Core bonds ended mixed yesterday with US Treasuries outperforming German Bunds. The German Bund opened on a soft footing, returning from the long Easter weekend and catching up with US Treasuries losses. Sideways trading made way for core bond gains starting around the US open. EMU consumer confidence and US Richmond Fed manufacturing confidence disappointed, while new home sales unexpectedly beat consensus. Data had no direct market impact and neither did US stock markets. The Nasdaq and S&P 500 closed at record high (boosted by strong earnings), but didn't pull bonds lower via the risk on/risk off paradigm. US yields declined by 1.2 bps (30-yr) to 2.7 bps (5-yr). German yields added between 0.1 bp (2-yr) and 1.7 bps (10-yr). 10-yr yield spread changes vs Germany widened marginally with Italy (+6 bps) underperforming on reports of more government tensions and ahead of Friday's credit review by S&P. The rating agency has a negative outlook on the country's BBB rating since October. Positive/negative outlook normally gets sorted out within a 2-yr timeframe. It's probably too early to use the axe.

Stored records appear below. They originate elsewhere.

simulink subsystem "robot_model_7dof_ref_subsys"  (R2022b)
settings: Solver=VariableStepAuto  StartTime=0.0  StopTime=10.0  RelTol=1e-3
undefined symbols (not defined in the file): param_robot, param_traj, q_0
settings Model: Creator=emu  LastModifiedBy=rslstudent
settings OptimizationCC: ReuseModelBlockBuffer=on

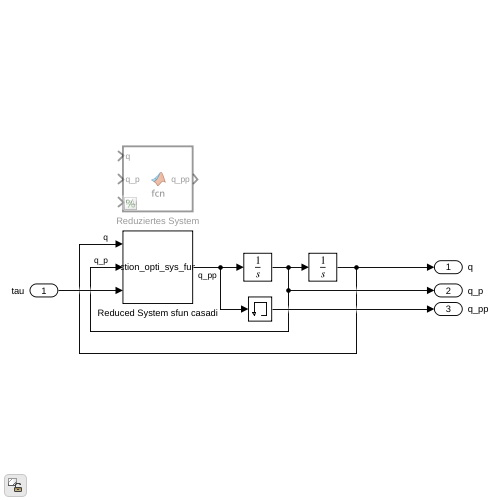
[thumbnail: Simulink's stored preview of the top-level diagram]
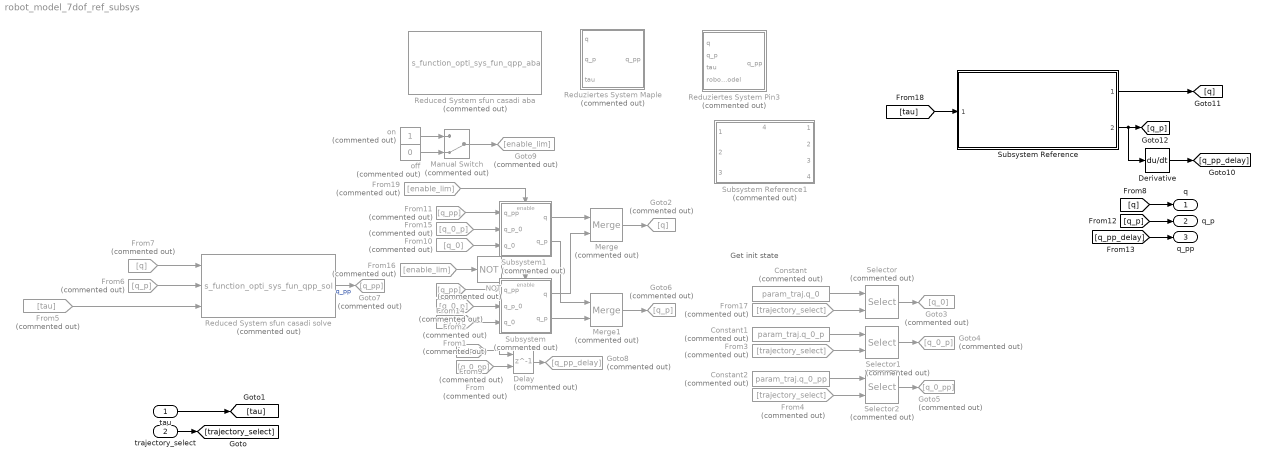
== system robot_model_7dof_ref_subsys ==
  note: Get init state
  tau : Inport
  trajectory_select : Inport  Port=2
  Constant : Constant  Commented=on  Value=param_traj.q_0
  Constant1 : Constant  Commented=on  Value=param_traj.q_0_p
  Constant2 : Constant  Commented=on  Value=param_traj.q_0_pp
  Delay : Delay  Commented=on  DelayLength=1  InitialConditionSource=Input port
      settings: InputPortMap=u0,p4
  Derivative : Derivative
  From : From  Commented=on  GotoTag=q_0_pp
  From1 : From  Commented=on  GotoTag=q_0
  From10 : From  Commented=on  GotoTag=q_0
  From11 : From  Commented=on  GotoTag=q_pp
  From14 : From  Commented=on  GotoTag=q_pp
  From15 : From  Commented=on  GotoTag=q_0_p
  From16 : From  Commented=on  GotoTag=enable_lim
  From17 : From  Commented=on  GotoTag=trajectory_select
  From19 : From  Commented=on  GotoTag=enable_lim
  From2 : From  Commented=on  GotoTag=q_0_p
  From3 : From  Commented=on  GotoTag=trajectory_select
  From4 : From  Commented=on  GotoTag=trajectory_select
  From5 : From  Commented=on  GotoTag=tau
  From6 : From  Commented=on  GotoTag=q_p
  From7 : From  Commented=on  GotoTag=q
  From9 : From  Commented=on  GotoTag=q_pp
  Goto2 : Goto  Commented=on  GotoTag=q
  Goto3 : Goto  Commented=on  GotoTag=q_0
  Goto4 : Goto  Commented=on  GotoTag=q_0_p
  Goto5 : Goto  Commented=on  GotoTag=q_0_pp
  Goto6 : Goto  Commented=on  GotoTag=q_p
  Goto7 : Goto  Commented=on  GotoTag=q_pp
  Goto8 : Goto  Commented=on  GotoTag=q_pp_delay
  Goto9 : Goto  Commented=on  GotoTag=enable_lim
  Manual Switch : ManualSwitch  Commented=on  CurrentSetting=0
  Merge : Merge  Commented=on
  Merge1 : Merge  Commented=on
  NOT : Logic  Commented=on  Operator=NOT  IconShape=distinctive  AllPortsSameDT=off  OutDataTypeStr=boolean
  Reduced System sfun casadi aba : S-Function  Commented=on  FunctionName=s_function_opti_sys_fun_qpp_aba  SFunctionModules='sys_fun_qpp_aba'  SFunctionDeploymentMode=off  EnableBusSupport=off
  Reduced System sfun casadi solve : S-Function  Commented=on  FunctionName=s_function_opti_sys_fun_qpp_sol  SFunctionModules='sys_fun_qpp_sol'  SFunctionDeploymentMode=off  EnableBusSupport=off
  Reduziertes System Maple : MATLAB Function  Commented=on
  Reduziertes System Pin3 : MATLAB Function  Commented=on
  Selector : Selector  Commented=on  NumberOfDimensions=2  InputPortWidth=3  IndexOptions=Index vector (dialog),Index vector (port)  Indices=1:param_robot.n_DOF,1  OutputSizes=1,1
  Selector1 : Selector  Commented=on  NumberOfDimensions=2  InputPortWidth=3  IndexOptions=Index vector (dialog),Index vector (port)  Indices=1:param_robot.n_DOF,1  OutputSizes=1,1
  Selector2 : Selector  Commented=on  NumberOfDimensions=2  InputPortWidth=3  IndexOptions=Index vector (dialog),Index vector (port)  Indices=1:param_robot.n_DOF,1  OutputSizes=1,1
  Subsystem : Subsystem  Commented=on
  Subsystem Reference : Subsystem  ReferencedSubsystem=franka_fr3_no_hand_simscape_model_refsys
  Subsystem Reference1 : Subsystem  Commented=on  ReferencedSubsystem=limit_joint_coordinates_ref_subsys
      settings: PortSchema="{\"entries\":[{\"content\":{\"sides\":[{\"content\":{\"connectorIds\":[\"In1\",\"In2\",\"In3\"]},\"type\":\"ConnectorPlacement.EquallySpacedRectSide\",\"uuid\":\"c83c87ef-f061-4ba1-866a-9dee58807a3f\"},{\"content\":{\"connectorIds\":[\"Out1\",\"Out2\",\"Out3\",\"Out4\"],\"side\":\"RIGHT\"},\"type\":\"ConnectorPlacement.EquallySpacedRectSide\",\"uuid\":\"387cc6c9-8217-4e2c-af30-f5a1ca09c27e\"},{\"content\":{\"connectorIds\":[\"In4\"],\"side\":\"TOP\"},\"type\":\"ConnectorPlacement.EquallySpacedRectSide\",\"uuid\":\"e929a290-99c7-445c-910f-8eb13519bf88\"}]},\"type\":\"ConnectorPlacement.EquallySpacedConnector\",\"uuid\":\"10c7422a-0646-4362-bf57-e7ffff3efdcc\"}],\"packageUris\":[\"http://schema.mathworks.com/mf0/Connector/R2020b\"],\"version\":\"1.0\"}"
  Subsystem1 : Subsystem  Commented=on
  off : Constant  Commented=on  Value=0
  on : Constant  Commented=on
  q : Outport
  q_p : Outport  Port=2
  q_pp : Outport  Port=3
  wires:
  Constant/1 -> Selector/1
  trajectory_select/1 -> [trajectory_select]
  Constant1/1 -> Selector1/1
  Constant2/1 -> Selector2/1
  Selector/1 -> Goto3/1
  Selector1/1 -> Goto4/1
  Selector2/1 -> Goto5/1
  From17/1 -> Selector/2
  From4/1 -> Selector2/2
  From3/1 -> Selector1/2
  [tau] -> Subsystem Reference/1
  Subsystem Reference/2 -> [q_p], Derivative/1
  Derivative/1 -> [q_pp_delay]
  From5/1 -> Reduced System sfun casadi solve/3
  tau/1 -> [tau]
  Subsystem Reference/1 -> [q]
  From6/1 -> Reduced System sfun casadi solve/2
  From7/1 -> Reduced System sfun casadi solve/1
  [q_pp_delay] -> q_pp/1
  [q_p] -> q_p/1
  [q] -> q/1
  off/1 -> Manual Switch/2
  on/1 -> Manual Switch/1
  Manual Switch/1 -> Goto9/1
  From14/1 -> Subsystem/1(q_pp)
  Reduced System sfun casadi solve/1 -> Goto7/1  "q_pp"
  Delay/1 -> Goto8/1
  From/1 -> Delay/2
  From2/1 -> Subsystem/2(q_p_0)
  From1/1 -> Subsystem/3(q_0)
  From9/1 -> Delay/1
  From10/1 -> Subsystem1/3(q_0)
  From15/1 -> Subsystem1/2(q_p_0)
  From11/1 -> Subsystem1/1(q_pp)
  NOT/1 -> Subsystem/Enable
  From16/1 -> NOT/1
  From19/1 -> Subsystem1/Enable
  Subsystem1/1(q) -> Merge/1
  Subsystem/1(q) -> Merge/2
  Subsystem1/2(q_p) -> Merge1/1
  Subsystem/2(q_p) -> Merge1/2
  Merge/1 -> Goto2/1
  Merge1/1 -> Goto6/1

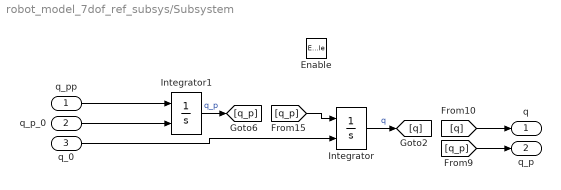
== system robot_model_7dof_ref_subsys/Subsystem ==
  q_pp : Inport
  q_p_0 : Inport  Port=2
  q_0 : Inport  Port=3
  Enable : EnablePort
  Integrator : Integrator  InitialConditionSource=external  InitialCondition=q_0  UpperSaturationLimit=param_robot.q_limit_upper  LowerSaturationLimit=param_robot.q_limit_lower
  Integrator1 : Integrator  InitialConditionSource=external  InitialCondition=param_robot.q_0_p_ref  UpperSaturationLimit=param_robot.q_p_limit_upper  LowerSaturationLimit=param_robot.q_p_limit_lower
  q : Outport
  q_p : Outport  Port=2
  wires:
  [q_p] -> q_p/1
  [q] -> q/1
  q_p_0/1 -> Integrator1/2
  q_0/1 -> Integrator/2
  Integrator1/1 -> [q_p]  "q_p"
  q_pp/1 -> Integrator1/1
  Integrator/1 -> [q]  "q"
  [q_p] -> Integrator/1

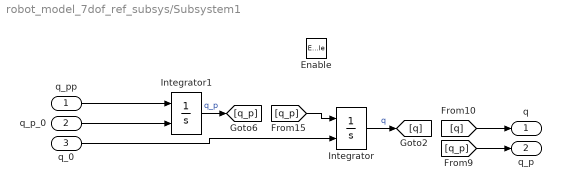
== system robot_model_7dof_ref_subsys/Subsystem1 ==
  q_pp : Inport
  q_p_0 : Inport  Port=2
  q_0 : Inport  Port=3
  Enable : EnablePort
  Integrator : Integrator  InitialConditionSource=external  InitialCondition=q_0  LimitOutput=on  UpperSaturationLimit=param_robot.q_limit_upper  LowerSaturationLimit=param_robot.q_limit_lower
  Integrator1 : Integrator  InitialConditionSource=external  InitialCondition=param_robot.q_0_p_ref  LimitOutput=on  UpperSaturationLimit=param_robot.q_p_limit_upper  LowerSaturationLimit=param_robot.q_p_limit_lower
  q : Outport
  q_p : Outport  Port=2
  wires:
  [q_p] -> Integrator/1
  Integrator/1 -> [q]  "q"
  q_pp/1 -> Integrator1/1
  Integrator1/1 -> [q_p]  "q_p"
  q_0/1 -> Integrator/2
  q_p_0/1 -> Integrator1/2
  [q] -> q/1
  [q_p] -> q_p/1

== matlab function robot_model_7dof_ref_subsys/Reduziertes System Maple ==
  data: q input; q_p input; tau input; q_pp output; param_robot parameter
function q_pp =fcn(q, q_p,tau, param_robot)

M=inertia_matrix(q,param_robot);                          % rigid body inertia matrix
C=coriolis_matrix(q,q_p,param_robot);                     % coriolis matrix
g=gravitational_forces(q,param_robot);                    % gravitational forces

q_pp = M\(tau - C*q_p - g);

% q_pp = M\(tau-C*q_p-g - 0.5*diag(ones(7,1))*q_p(3:9)); % mit Reibung

== matlab function robot_model_7dof_ref_subsys/Reduziertes System Pin3 ==
  data: q input; q_p input; tau input; robot_model input Bus: robot_model; q_pp output
function q_pp =fcn(q, q_p, tau, robot_model)
M = robot_model.M;
C_rnea = robot_model.C_rnea;

q_pp = M\(tau - C_rnea);

Asian stock markets buck Wall Street's bullish run with Japan, China and South Korea even ceding ground. Core bonds have an upward bias. The US and China will restart trade talks in Beijing next week, pushing for a draft agreement by the end of May. The overnight market reaction shows that a positive outcome in the US-Sino trade conflict is discounted.

Today's eco calendar contains the April German Ifo business confidence.
Consensus expects a stabilization of both the current climate and expectations indices after a March rebound. Risks, if any, probably remain tilted to the downside. Companies reporting earnings include industrial machinery group Caterpillar, a bellwether for the economy, scandal-hit Boeing and technology giants Microsoft and Facebook. These are wildcards for trading. Crude inventories will be closely monitored as well, following Brent crude's recent leap higher. We still prefer to err on the side of caution which argues in favour of core bonds.

Long term view: markets concluded that the ECB missed out on this cycle. They even start pondering the possibility of an additional deposit rate cut. The downtrend in the German 10-yr remains in place so far. Regarding Fed policy, markets now discount a 50% probability of a Fed rate cut by December. The US 10-yr yield closed last week above the lower bound of the previous 2.5%-2.79% trading range which turns the technical picture more neutral again.